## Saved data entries
........

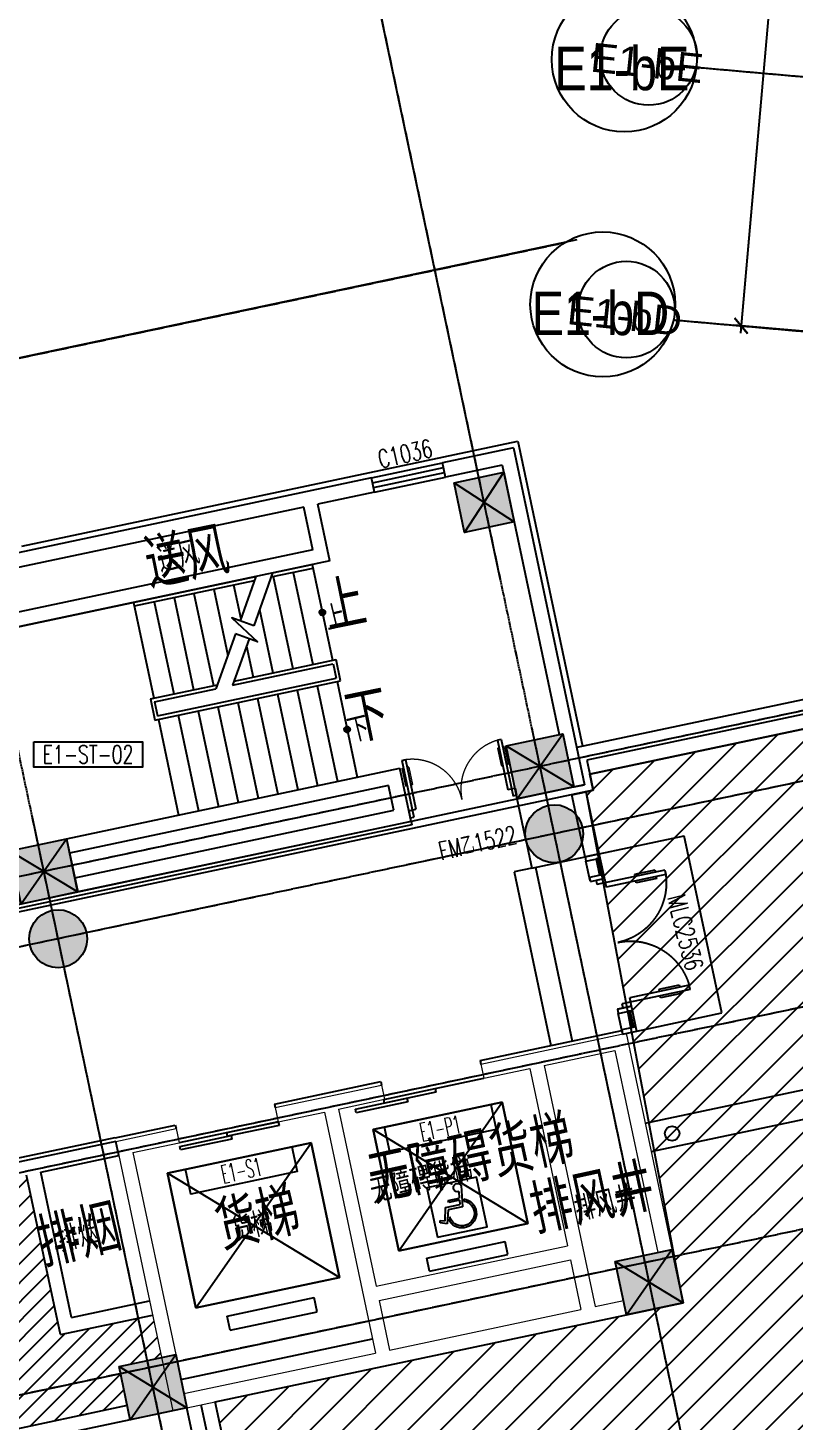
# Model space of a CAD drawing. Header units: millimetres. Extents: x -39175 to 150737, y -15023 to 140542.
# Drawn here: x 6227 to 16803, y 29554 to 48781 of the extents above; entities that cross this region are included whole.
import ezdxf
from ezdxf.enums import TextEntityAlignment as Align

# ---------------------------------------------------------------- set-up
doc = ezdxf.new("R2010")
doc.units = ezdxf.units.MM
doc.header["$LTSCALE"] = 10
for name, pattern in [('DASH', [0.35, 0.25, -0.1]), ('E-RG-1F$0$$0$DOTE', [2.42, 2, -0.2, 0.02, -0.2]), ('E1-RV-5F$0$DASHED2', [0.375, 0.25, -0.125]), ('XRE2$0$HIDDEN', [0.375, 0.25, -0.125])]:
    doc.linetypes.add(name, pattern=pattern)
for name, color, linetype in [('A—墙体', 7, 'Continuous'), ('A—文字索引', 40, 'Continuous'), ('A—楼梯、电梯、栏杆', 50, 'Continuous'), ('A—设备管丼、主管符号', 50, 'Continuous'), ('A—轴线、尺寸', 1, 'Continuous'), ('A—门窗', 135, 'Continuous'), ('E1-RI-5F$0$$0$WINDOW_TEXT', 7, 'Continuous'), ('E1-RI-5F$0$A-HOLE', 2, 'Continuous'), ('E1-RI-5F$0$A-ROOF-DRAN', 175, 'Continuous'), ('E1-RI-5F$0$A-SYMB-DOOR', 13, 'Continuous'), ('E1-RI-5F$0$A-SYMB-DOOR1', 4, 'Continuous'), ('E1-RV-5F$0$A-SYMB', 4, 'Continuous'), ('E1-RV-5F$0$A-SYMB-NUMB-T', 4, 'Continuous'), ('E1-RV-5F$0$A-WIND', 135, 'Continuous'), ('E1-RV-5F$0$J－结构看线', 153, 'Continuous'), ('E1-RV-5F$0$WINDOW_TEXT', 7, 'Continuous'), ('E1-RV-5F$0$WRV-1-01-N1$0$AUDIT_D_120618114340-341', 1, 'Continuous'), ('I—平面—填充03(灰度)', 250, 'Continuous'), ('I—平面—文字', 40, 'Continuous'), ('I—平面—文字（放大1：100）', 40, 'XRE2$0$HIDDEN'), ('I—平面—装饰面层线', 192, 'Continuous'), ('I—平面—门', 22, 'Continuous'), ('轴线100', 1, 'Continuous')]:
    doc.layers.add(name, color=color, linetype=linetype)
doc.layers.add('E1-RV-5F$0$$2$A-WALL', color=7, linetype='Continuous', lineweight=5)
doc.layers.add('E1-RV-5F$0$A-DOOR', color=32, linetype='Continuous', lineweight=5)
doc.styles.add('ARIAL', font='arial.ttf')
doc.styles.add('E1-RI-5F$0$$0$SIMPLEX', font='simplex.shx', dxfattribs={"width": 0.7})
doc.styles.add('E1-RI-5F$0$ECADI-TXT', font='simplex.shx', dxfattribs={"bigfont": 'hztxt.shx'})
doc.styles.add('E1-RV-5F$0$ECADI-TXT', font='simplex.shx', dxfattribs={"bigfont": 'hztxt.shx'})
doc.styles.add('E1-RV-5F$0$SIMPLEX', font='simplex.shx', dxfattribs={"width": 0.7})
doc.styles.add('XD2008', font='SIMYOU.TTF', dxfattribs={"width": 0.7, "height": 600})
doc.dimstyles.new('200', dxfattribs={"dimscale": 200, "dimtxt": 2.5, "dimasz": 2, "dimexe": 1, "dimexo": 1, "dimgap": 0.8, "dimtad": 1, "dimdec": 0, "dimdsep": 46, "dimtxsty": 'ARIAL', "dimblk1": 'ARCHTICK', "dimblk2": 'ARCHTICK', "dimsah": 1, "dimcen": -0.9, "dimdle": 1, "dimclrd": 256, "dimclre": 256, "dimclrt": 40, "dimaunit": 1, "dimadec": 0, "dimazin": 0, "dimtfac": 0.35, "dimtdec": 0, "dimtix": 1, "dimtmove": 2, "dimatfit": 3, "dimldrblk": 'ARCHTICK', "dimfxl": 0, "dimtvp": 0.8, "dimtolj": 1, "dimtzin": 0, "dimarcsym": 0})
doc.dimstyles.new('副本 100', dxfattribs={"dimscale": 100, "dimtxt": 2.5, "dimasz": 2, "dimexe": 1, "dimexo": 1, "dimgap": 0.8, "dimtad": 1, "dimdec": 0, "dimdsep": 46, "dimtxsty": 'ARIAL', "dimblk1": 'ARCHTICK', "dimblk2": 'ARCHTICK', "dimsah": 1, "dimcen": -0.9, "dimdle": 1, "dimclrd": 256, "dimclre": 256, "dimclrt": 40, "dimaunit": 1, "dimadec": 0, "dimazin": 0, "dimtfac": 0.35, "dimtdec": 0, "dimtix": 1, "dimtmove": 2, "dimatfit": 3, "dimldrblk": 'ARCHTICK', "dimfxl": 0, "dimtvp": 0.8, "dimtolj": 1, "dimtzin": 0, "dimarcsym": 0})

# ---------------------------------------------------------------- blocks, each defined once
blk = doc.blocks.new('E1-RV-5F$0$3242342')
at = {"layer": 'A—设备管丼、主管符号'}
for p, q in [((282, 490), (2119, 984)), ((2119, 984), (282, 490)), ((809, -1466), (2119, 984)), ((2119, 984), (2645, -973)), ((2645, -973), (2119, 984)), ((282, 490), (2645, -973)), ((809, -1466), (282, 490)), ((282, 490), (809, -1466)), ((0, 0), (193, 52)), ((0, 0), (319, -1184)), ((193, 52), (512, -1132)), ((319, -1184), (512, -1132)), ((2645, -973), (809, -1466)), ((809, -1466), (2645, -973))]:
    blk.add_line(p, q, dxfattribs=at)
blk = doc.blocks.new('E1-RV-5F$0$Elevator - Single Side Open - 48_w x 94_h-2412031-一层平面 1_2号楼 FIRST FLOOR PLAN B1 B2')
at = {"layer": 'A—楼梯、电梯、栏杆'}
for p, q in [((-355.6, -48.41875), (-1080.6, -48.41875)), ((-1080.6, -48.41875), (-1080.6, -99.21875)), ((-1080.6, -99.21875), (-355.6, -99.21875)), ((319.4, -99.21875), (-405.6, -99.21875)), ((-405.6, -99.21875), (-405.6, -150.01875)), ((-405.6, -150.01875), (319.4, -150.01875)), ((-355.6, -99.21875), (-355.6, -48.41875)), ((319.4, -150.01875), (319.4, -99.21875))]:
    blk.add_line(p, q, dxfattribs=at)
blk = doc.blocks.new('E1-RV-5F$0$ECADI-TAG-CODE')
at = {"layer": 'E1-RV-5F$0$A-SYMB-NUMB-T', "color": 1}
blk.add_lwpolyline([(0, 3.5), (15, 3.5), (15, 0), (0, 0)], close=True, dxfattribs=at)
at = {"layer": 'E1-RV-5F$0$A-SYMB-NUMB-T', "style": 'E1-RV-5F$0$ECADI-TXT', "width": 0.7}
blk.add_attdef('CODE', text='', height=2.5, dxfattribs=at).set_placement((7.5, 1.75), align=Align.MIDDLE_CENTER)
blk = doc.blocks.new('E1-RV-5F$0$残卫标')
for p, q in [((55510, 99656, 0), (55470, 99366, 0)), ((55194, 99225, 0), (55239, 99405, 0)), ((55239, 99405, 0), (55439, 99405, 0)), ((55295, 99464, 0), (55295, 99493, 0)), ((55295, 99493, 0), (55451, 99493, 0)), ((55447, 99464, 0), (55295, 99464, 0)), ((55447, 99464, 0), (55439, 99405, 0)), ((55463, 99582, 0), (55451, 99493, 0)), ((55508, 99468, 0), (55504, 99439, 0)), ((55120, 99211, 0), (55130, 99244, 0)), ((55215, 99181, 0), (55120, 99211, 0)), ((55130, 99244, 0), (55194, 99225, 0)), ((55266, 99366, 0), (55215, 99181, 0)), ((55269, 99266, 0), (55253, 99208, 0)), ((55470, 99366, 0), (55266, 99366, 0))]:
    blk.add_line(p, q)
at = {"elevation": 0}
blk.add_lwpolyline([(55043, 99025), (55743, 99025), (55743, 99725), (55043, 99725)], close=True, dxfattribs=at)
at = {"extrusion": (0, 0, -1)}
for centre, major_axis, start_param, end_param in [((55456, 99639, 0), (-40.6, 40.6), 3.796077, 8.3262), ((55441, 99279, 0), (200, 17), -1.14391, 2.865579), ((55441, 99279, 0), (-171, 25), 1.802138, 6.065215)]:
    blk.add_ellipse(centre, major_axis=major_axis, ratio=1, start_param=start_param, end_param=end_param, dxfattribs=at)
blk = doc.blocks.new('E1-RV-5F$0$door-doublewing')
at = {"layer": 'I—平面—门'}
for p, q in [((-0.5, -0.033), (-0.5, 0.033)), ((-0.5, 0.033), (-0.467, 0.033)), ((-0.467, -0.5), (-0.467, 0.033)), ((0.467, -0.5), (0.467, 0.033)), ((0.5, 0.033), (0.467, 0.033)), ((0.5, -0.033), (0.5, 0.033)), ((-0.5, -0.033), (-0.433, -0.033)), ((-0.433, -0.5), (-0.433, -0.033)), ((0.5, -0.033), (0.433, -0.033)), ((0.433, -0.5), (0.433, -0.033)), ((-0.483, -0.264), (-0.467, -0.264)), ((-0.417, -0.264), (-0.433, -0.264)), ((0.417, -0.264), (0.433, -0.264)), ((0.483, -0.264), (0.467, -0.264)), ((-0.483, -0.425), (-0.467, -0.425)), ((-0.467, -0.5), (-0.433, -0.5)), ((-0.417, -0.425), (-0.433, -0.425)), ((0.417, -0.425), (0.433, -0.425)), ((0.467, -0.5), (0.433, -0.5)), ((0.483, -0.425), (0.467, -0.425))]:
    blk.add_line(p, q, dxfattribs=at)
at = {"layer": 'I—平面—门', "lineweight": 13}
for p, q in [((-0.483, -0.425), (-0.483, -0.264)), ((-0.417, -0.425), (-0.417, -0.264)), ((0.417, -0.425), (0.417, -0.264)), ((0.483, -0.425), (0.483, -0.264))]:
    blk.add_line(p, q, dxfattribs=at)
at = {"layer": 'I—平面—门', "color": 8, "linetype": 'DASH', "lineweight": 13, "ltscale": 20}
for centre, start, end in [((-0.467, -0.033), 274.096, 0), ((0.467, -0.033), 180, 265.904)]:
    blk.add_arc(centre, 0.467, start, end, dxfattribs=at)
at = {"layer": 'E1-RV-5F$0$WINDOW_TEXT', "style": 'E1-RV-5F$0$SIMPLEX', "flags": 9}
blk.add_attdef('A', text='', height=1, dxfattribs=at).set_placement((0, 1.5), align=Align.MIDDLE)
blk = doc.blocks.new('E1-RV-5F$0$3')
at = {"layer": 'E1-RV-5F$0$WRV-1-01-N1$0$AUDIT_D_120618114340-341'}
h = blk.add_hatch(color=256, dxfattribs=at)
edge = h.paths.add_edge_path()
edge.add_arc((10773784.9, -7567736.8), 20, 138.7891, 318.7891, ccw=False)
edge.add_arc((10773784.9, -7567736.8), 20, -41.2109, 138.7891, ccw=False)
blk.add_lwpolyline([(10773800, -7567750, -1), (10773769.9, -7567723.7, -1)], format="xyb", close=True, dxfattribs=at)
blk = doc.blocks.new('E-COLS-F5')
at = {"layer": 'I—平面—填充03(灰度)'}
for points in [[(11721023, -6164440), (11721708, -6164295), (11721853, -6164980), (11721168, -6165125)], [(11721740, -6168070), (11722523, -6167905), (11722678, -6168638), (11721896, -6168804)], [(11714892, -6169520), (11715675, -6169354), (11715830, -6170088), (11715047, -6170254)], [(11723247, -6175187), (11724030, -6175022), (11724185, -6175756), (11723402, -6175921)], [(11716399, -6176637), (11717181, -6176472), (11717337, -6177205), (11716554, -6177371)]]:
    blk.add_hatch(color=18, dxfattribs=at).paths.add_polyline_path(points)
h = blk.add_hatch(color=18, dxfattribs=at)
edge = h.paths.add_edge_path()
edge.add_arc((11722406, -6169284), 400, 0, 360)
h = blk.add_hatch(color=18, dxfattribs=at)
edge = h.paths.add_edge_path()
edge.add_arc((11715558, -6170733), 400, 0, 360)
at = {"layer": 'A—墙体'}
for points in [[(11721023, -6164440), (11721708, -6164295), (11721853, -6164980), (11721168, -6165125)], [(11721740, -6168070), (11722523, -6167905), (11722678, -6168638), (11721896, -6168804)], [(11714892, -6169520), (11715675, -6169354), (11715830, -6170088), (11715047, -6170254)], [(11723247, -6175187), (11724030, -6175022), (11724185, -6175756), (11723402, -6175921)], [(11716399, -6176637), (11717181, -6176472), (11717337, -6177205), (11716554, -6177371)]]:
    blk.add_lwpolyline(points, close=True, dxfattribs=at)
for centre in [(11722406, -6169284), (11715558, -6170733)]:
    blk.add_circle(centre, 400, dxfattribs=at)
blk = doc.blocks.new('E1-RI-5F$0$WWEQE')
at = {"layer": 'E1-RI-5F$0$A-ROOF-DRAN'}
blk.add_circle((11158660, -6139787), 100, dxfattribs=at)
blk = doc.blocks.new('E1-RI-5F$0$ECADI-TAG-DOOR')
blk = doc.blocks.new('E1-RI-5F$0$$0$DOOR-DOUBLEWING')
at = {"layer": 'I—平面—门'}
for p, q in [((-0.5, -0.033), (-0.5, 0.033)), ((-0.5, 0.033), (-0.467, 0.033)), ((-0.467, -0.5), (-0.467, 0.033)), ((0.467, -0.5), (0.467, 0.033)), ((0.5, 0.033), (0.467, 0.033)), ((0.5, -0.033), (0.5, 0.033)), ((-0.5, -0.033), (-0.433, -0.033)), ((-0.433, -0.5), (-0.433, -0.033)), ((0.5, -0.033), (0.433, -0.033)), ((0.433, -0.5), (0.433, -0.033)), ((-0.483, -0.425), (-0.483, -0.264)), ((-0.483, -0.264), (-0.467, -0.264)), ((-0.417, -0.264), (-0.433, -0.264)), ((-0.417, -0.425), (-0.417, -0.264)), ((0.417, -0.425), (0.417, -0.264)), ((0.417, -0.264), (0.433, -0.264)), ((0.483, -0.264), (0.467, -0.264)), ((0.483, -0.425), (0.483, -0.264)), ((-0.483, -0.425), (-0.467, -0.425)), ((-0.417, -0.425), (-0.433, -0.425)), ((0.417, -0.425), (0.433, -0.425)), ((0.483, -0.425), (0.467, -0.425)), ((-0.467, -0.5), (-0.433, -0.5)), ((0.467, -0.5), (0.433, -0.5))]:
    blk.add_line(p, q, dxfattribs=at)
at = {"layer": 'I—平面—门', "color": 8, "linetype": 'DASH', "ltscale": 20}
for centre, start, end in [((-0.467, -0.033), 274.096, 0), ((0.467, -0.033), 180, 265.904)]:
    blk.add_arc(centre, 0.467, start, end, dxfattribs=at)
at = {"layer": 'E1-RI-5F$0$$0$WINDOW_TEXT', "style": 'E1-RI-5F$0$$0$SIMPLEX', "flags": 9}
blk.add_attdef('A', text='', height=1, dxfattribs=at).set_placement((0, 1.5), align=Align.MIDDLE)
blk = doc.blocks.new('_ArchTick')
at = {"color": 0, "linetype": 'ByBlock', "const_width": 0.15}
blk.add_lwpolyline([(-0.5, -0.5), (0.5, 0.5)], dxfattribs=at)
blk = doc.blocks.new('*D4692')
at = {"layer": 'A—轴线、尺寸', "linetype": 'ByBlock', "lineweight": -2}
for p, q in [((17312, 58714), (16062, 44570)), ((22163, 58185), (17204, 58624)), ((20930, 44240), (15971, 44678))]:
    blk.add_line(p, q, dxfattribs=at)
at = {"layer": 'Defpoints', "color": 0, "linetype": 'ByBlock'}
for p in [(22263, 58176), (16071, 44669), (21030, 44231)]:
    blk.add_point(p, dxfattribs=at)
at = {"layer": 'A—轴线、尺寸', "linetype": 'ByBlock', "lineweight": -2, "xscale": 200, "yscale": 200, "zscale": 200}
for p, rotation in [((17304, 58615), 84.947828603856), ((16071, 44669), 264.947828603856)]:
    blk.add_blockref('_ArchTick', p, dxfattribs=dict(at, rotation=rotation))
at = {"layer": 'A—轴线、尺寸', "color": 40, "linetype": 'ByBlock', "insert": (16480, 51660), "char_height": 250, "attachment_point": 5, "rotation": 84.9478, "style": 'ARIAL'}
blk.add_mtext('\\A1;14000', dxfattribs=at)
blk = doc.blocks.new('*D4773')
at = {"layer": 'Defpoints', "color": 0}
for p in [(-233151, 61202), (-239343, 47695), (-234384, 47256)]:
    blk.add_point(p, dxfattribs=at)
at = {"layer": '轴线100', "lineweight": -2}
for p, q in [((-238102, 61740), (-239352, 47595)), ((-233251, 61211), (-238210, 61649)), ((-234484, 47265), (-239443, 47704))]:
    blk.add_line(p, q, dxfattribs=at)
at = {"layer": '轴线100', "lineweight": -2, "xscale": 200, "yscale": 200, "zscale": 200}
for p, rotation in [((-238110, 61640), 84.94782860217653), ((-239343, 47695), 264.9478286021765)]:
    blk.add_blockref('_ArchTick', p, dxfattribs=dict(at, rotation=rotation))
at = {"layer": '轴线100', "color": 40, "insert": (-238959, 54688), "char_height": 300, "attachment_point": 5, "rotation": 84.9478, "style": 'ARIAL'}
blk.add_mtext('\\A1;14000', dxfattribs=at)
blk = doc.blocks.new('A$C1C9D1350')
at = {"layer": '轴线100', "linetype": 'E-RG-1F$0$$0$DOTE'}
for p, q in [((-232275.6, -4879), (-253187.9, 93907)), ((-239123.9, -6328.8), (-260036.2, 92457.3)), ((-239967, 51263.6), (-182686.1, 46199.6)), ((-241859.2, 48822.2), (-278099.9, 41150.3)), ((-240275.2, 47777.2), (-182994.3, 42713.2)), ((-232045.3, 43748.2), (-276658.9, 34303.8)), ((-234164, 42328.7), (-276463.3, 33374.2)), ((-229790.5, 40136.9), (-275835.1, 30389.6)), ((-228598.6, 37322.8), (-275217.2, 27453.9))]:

........

## What the task asks
Each line that includes the string "False" should be copied from the data.

## Expected answer
edge.add_arc((10773784.9, -7567736.8), 20, 138.7891, 318.7891, ccw=False)
edge.add_arc((10773784.9, -7567736.8), 20, -41.2109, 138.7891, ccw=False)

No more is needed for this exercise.